- Opening Delimiter -

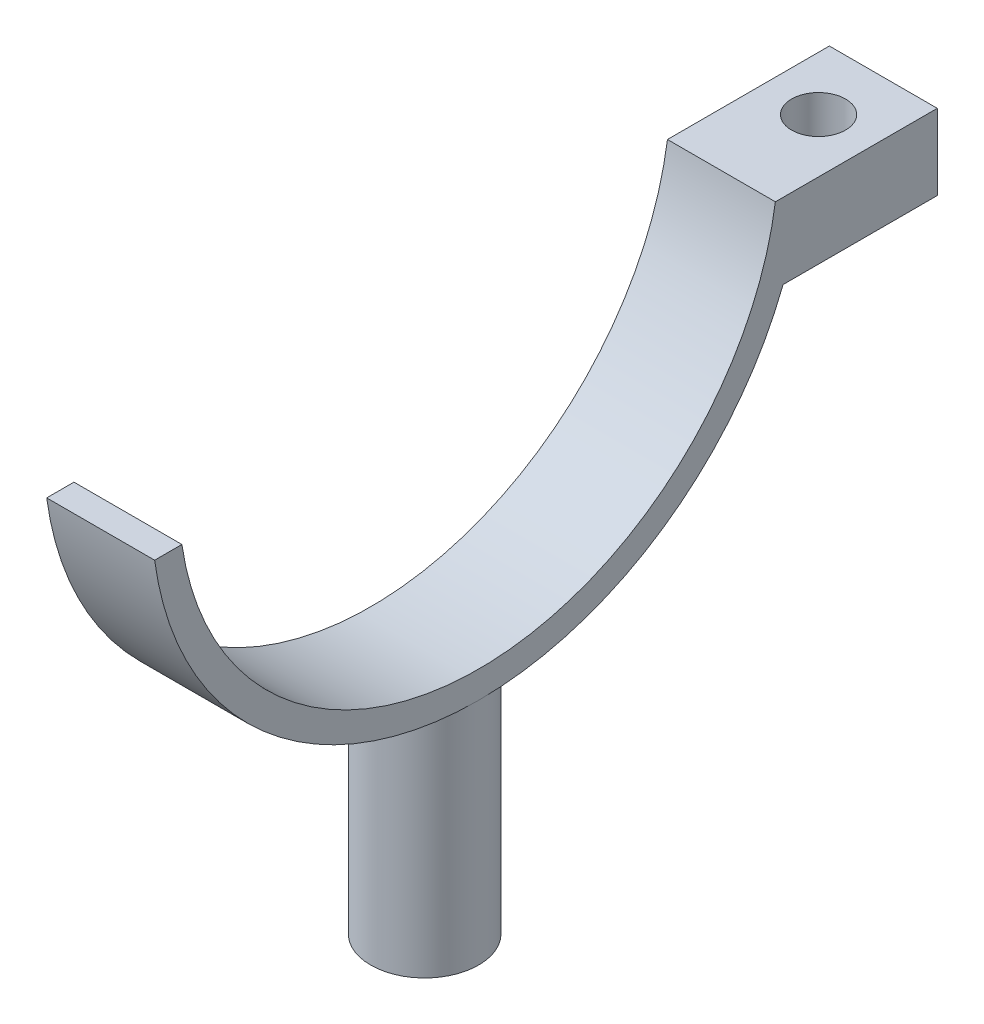
ISO-10303-21;
HEADER;
FILE_DESCRIPTION(('STEP AP214'),'2;1');
FILE_NAME('part.step','',(''),(''),'','','');
FILE_SCHEMA(('AUTOMOTIVE_DESIGN { 1 0 10303 214 1 1 1 1 }'));
ENDSEC;
DATA;
#1=APPLICATION_CONTEXT('core data for automotive mechanical design processes');
#2=APPLICATION_PROTOCOL_DEFINITION('international standard','automotive_design',2000,#1);
#3=PRODUCT_CONTEXT('',#1,'mechanical');
#4=PRODUCT('Part','Part','',(#3));
#5=PRODUCT_RELATED_PRODUCT_CATEGORY('part','',(#4));
#6=PRODUCT_DEFINITION_FORMATION('','',#4);
#7=PRODUCT_DEFINITION_CONTEXT('part definition',#1,'design');
#8=PRODUCT_DEFINITION('design','',#6,#7);
#9=PRODUCT_DEFINITION_SHAPE('','',#8);
#10=(LENGTH_UNIT() NAMED_UNIT(*) SI_UNIT(.MILLI.,.METRE.));
#11=(NAMED_UNIT(*) PLANE_ANGLE_UNIT() SI_UNIT($,.RADIAN.));
#12=(NAMED_UNIT(*) SI_UNIT($,.STERADIAN.) SOLID_ANGLE_UNIT());
#13=UNCERTAINTY_MEASURE_WITH_UNIT(LENGTH_MEASURE(1.E-05),#10,'distance_accuracy_value','');
#14=(GEOMETRIC_REPRESENTATION_CONTEXT(3) GLOBAL_UNCERTAINTY_ASSIGNED_CONTEXT((#13)) GLOBAL_UNIT_ASSIGNED_CONTEXT((#10,
#11,#12)) REPRESENTATION_CONTEXT('',''));
#15=CARTESIAN_POINT('',(0.,0.,0.));
#16=DIRECTION('',(0.,0.,1.));
#17=DIRECTION('',(1.,0.,0.));
#18=AXIS2_PLACEMENT_3D('',#15,#16,#17);
#19=CARTESIAN_POINT('',(0.,23.5,0.));
#20=DIRECTION('',(0.,-1.,0.));
#21=DIRECTION('',(0.,0.,-1.));
#22=AXIS2_PLACEMENT_3D('',#19,#20,#21);
#23=CYLINDRICAL_SURFACE('',#22,5.);
#24=CARTESIAN_POINT('',(0.,0.,0.));
#25=DIRECTION('',(0.,1.,0.));
#26=DIRECTION('',(0.,0.,1.));
#27=AXIS2_PLACEMENT_3D('',#24,#25,#26);
#28=CIRCLE('',#27,5.);
#29=CARTESIAN_POINT('',(0.,0.,5.));
#30=VERTEX_POINT('',#29);
#31=EDGE_CURVE('E179',#30,#30,#28,.T.);
#32=ORIENTED_EDGE('',*,*,#31,.T.);
#33=EDGE_LOOP('',(#32));
#34=FACE_BOUND('',#33,.T.);
#35=CARTESIAN_POINT('',(0.,21.6655610043104,-5.));
#36=CARTESIAN_POINT('',(-0.139443584153446,21.6655619667517,-5.00000212698932));
#37=CARTESIAN_POINT('',(-0.278858320102935,21.6645827122606,-4.99416481701411));
#38=CARTESIAN_POINT('',(-0.556728763199482,21.6606962767265,-4.97086374407249));
#39=CARTESIAN_POINT('',(-0.695184273582498,21.657788711312,-4.95339766313206));
#40=CARTESIAN_POINT('',(-0.970185358793091,21.6501266671217,-4.90695446040499));
#41=CARTESIAN_POINT('',(-1.10672965803471,21.6453710105895,-4.877969997887));
#42=CARTESIAN_POINT('',(-1.37690276637723,21.6341495045192,-4.80869970755319));
#43=CARTESIAN_POINT('',(-1.51053048557515,21.6276830271164,-4.76840973032844));
#44=CARTESIAN_POINT('',(-1.77371851222138,21.6132362761014,-4.67689114085769));
#45=CARTESIAN_POINT('',(-1.90328354182152,21.6052578421094,-4.62567581223044));
#46=CARTESIAN_POINT('',(-2.15766550580425,21.5880069670029,-4.51263326742396));
#47=CARTESIAN_POINT('',(-2.28248066935324,21.5787340491818,-4.4508021399327));
#48=CARTESIAN_POINT('',(-2.52639742820799,21.5591640128181,-4.3170192227186));
#49=CARTESIAN_POINT('',(-2.64550183059123,21.5488674052729,-4.24507247507632));
#50=CARTESIAN_POINT('',(-2.87730014032827,21.527530967965,-4.09151306055528));
#51=CARTESIAN_POINT('',(-2.98999164125424,21.5164908625553,-4.00989680015859));
#52=CARTESIAN_POINT('',(-3.20906272727284,21.4938847453543,-3.83686853732477));
#53=CARTESIAN_POINT('',(-3.31538222201007,21.4823151316843,-3.74538091660069));
#54=CARTESIAN_POINT('',(-3.51999380886452,21.4590572791706,-3.55377208353477));
#55=CARTESIAN_POINT('',(-3.61828291435501,21.4473689979934,-3.45364768724646));
#56=CARTESIAN_POINT('',(-3.80608475753882,21.4242090975448,-3.2455138031601));
#57=CARTESIAN_POINT('',(-3.895600187751,21.4127374126812,-3.13750675230291));
#58=CARTESIAN_POINT('',(-4.06529764384736,21.3903235069514,-2.91427858078361));
#59=CARTESIAN_POINT('',(-4.14547621662164,21.3793814828418,-2.79905481519271));
#60=CARTESIAN_POINT('',(-4.29630901028871,21.3582796822363,-2.56156667501755));
#61=CARTESIAN_POINT('',(-4.36690841598697,21.3481245396066,-2.43926705935329));
#62=CARTESIAN_POINT('',(-4.49756856342976,21.3289479467167,-2.18902073277526));
#63=CARTESIAN_POINT('',(-4.55762536928444,21.3199269202136,-2.06107193505681));
#64=CARTESIAN_POINT('',(-4.66669810280202,21.3032838769269,-1.80051536754455));
#65=CARTESIAN_POINT('',(-4.71571866042783,21.2956612737217,-1.6679095785586));
#66=CARTESIAN_POINT('',(-4.80239246641606,21.2820239468848,-1.39893906511972));
#67=CARTESIAN_POINT('',(-4.84004156158665,21.2760098108041,-1.26257298709471));
#68=CARTESIAN_POINT('',(-4.93482677384826,21.2607582338395,-0.851897428517523));
#69=CARTESIAN_POINT('',(-4.97491762134458,21.2541354639944,-0.573332150412891));
#70=CARTESIAN_POINT('',(-5.00784845110077,21.2487071979125,-0.013508141523446));
#71=CARTESIAN_POINT('',(-5.00069158700869,21.24990117993,0.26775040824198));
#72=CARTESIAN_POINT('',(-4.93972313779376,21.2599068910079,0.822278628990223));
#73=CARTESIAN_POINT('',(-4.88636562043913,21.2686444778315,1.09559937404348));
#74=CARTESIAN_POINT('',(-4.73520844678754,21.2926765968932,1.62934328047631));
#75=CARTESIAN_POINT('',(-4.63740745705753,21.307971325864,1.88976605461935));
#76=CARTESIAN_POINT('',(-4.39969128905291,21.3435246410986,2.39168788063959));
#77=CARTESIAN_POINT('',(-4.25958855860162,21.3638052572021,2.63309649250964));
#78=CARTESIAN_POINT('',(-3.94138207738454,21.4070767013207,3.08914787749604));
#79=CARTESIAN_POINT('',(-3.7632753077663,21.4300677445737,3.30378852215043));
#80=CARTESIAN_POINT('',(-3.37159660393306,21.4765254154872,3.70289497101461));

- Closing Delimiter -

— TASK —
Pictures must not appear in the copy, and every record must be restated word for word.

— SOLVED EXERCISE —
ISO-10303-21;
HEADER;
FILE_DESCRIPTION(('STEP AP214'),'2;1');
FILE_NAME('part.step','',(''),(''),'','','');
FILE_SCHEMA(('AUTOMOTIVE_DESIGN { 1 0 10303 214 1 1 1 1 }'));
ENDSEC;
DATA;
#1=APPLICATION_CONTEXT('core data for automotive mechanical design processes');
#2=APPLICATION_PROTOCOL_DEFINITION('international standard','automotive_design',2000,#1);
#3=PRODUCT_CONTEXT('',#1,'mechanical');
#4=PRODUCT('Part','Part','',(#3));
#5=PRODUCT_RELATED_PRODUCT_CATEGORY('part','',(#4));
#6=PRODUCT_DEFINITION_FORMATION('','',#4);
#7=PRODUCT_DEFINITION_CONTEXT('part definition',#1,'design');
#8=PRODUCT_DEFINITION('design','',#6,#7);
#9=PRODUCT_DEFINITION_SHAPE('','',#8);
#10=(LENGTH_UNIT() NAMED_UNIT(*) SI_UNIT(.MILLI.,.METRE.));
#11=(NAMED_UNIT(*) PLANE_ANGLE_UNIT() SI_UNIT($,.RADIAN.));
#12=(NAMED_UNIT(*) SI_UNIT($,.STERADIAN.) SOLID_ANGLE_UNIT());
#13=UNCERTAINTY_MEASURE_WITH_UNIT(LENGTH_MEASURE(1.E-05),#10,'distance_accuracy_value','');
#14=(GEOMETRIC_REPRESENTATION_CONTEXT(3) GLOBAL_UNCERTAINTY_ASSIGNED_CONTEXT((#13)) GLOBAL_UNIT_ASSIGNED_CONTEXT((#10,
#11,#12)) REPRESENTATION_CONTEXT('',''));
#15=CARTESIAN_POINT('',(0.,0.,0.));
#16=DIRECTION('',(0.,0.,1.));
#17=DIRECTION('',(1.,0.,0.));
#18=AXIS2_PLACEMENT_3D('',#15,#16,#17);
#19=CARTESIAN_POINT('',(0.,23.5,0.));
#20=DIRECTION('',(0.,-1.,0.));
#21=DIRECTION('',(0.,0.,-1.));
#22=AXIS2_PLACEMENT_3D('',#19,#20,#21);
#23=CYLINDRICAL_SURFACE('',#22,5.);
#24=CARTESIAN_POINT('',(0.,0.,0.));
#25=DIRECTION('',(0.,1.,0.));
#26=DIRECTION('',(0.,0.,1.));
#27=AXIS2_PLACEMENT_3D('',#24,#25,#26);
#28=CIRCLE('',#27,5.);
#29=CARTESIAN_POINT('',(0.,0.,5.));
#30=VERTEX_POINT('',#29);
#31=EDGE_CURVE('E179',#30,#30,#28,.T.);
#32=ORIENTED_EDGE('',*,*,#31,.T.);
#33=EDGE_LOOP('',(#32));
#34=FACE_BOUND('',#33,.T.);
#35=CARTESIAN_POINT('',(0.,21.6655610043104,-5.));
#36=CARTESIAN_POINT('',(-0.139443584153446,21.6655619667517,-5.00000212698932));
#37=CARTESIAN_POINT('',(-0.278858320102935,21.6645827122606,-4.99416481701411));
#38=CARTESIAN_POINT('',(-0.556728763199482,21.6606962767265,-4.97086374407249));
#39=CARTESIAN_POINT('',(-0.695184273582498,21.657788711312,-4.95339766313206));
#40=CARTESIAN_POINT('',(-0.970185358793091,21.6501266671217,-4.90695446040499));
#41=CARTESIAN_POINT('',(-1.10672965803471,21.6453710105895,-4.877969997887));
#42=CARTESIAN_POINT('',(-1.37690276637723,21.6341495045192,-4.80869970755319));
#43=CARTESIAN_POINT('',(-1.51053048557515,21.6276830271164,-4.76840973032844));
#44=CARTESIAN_POINT('',(-1.77371851222138,21.6132362761014,-4.67689114085769));
#45=CARTESIAN_POINT('',(-1.90328354182152,21.6052578421094,-4.62567581223044));
#46=CARTESIAN_POINT('',(-2.15766550580425,21.5880069670029,-4.51263326742396));
#47=CARTESIAN_POINT('',(-2.28248066935324,21.5787340491818,-4.4508021399327));
#48=CARTESIAN_POINT('',(-2.52639742820799,21.5591640128181,-4.3170192227186));
#49=CARTESIAN_POINT('',(-2.64550183059123,21.5488674052729,-4.24507247507632));
#50=CARTESIAN_POINT('',(-2.87730014032827,21.527530967965,-4.09151306055528));
#51=CARTESIAN_POINT('',(-2.98999164125424,21.5164908625553,-4.00989680015859));
#52=CARTESIAN_POINT('',(-3.20906272727284,21.4938847453543,-3.83686853732477));
#53=CARTESIAN_POINT('',(-3.31538222201007,21.4823151316843,-3.74538091660069));
#54=CARTESIAN_POINT('',(-3.51999380886452,21.4590572791706,-3.55377208353477));
#55=CARTESIAN_POINT('',(-3.61828291435501,21.4473689979934,-3.45364768724646));
#56=CARTESIAN_POINT('',(-3.80608475753882,21.4242090975448,-3.2455138031601));
#57=CARTESIAN_POINT('',(-3.895600187751,21.4127374126812,-3.13750675230291));
#58=CARTESIAN_POINT('',(-4.06529764384736,21.3903235069514,-2.91427858078361));
#59=CARTESIAN_POINT('',(-4.14547621662164,21.3793814828418,-2.79905481519271));
#60=CARTESIAN_POINT('',(-4.29630901028871,21.3582796822363,-2.56156667501755));
#61=CARTESIAN_POINT('',(-4.36690841598697,21.3481245396066,-2.43926705935329));
#62=CARTESIAN_POINT('',(-4.49756856342976,21.3289479467167,-2.18902073277526));
#63=CARTESIAN_POINT('',(-4.55762536928444,21.3199269202136,-2.06107193505681));
#64=CARTESIAN_POINT('',(-4.66669810280202,21.3032838769269,-1.80051536754455));
#65=CARTESIAN_POINT('',(-4.71571866042783,21.2956612737217,-1.6679095785586));
#66=CARTESIAN_POINT('',(-4.80239246641606,21.2820239468848,-1.39893906511972));
#67=CARTESIAN_POINT('',(-4.84004156158665,21.2760098108041,-1.26257298709471));
#68=CARTESIAN_POINT('',(-4.93482677384826,21.2607582338395,-0.851897428517523));
#69=CARTESIAN_POINT('',(-4.97491762134458,21.2541354639944,-0.573332150412891));
#70=CARTESIAN_POINT('',(-5.00784845110077,21.2487071979125,-0.013508141523446));
#71=CARTESIAN_POINT('',(-5.00069158700869,21.24990117993,0.26775040824198));
#72=CARTESIAN_POINT('',(-4.93972313779376,21.2599068910079,0.822278628990223));
#73=CARTESIAN_POINT('',(-4.88636562043913,21.2686444778315,1.09559937404348));
#74=CARTESIAN_POINT('',(-4.73520844678754,21.2926765968932,1.62934328047631));
#75=CARTESIAN_POINT('',(-4.63740745705753,21.307971325864,1.88976605461935));
#76=CARTESIAN_POINT('',(-4.39969128905291,21.3435246410986,2.39168788063959));
#77=CARTESIAN_POINT('',(-4.25958855860162,21.3638052572021,2.63309649250964));
#78=CARTESIAN_POINT('',(-3.94138207738454,21.4070767013207,3.08914787749604));
#79=CARTESIAN_POINT('',(-3.7632753077663,21.4300677445737,3.30378852215043));
#80=CARTESIAN_POINT('',(-3.37159660393306,21.4765254154872,3.70289497101461));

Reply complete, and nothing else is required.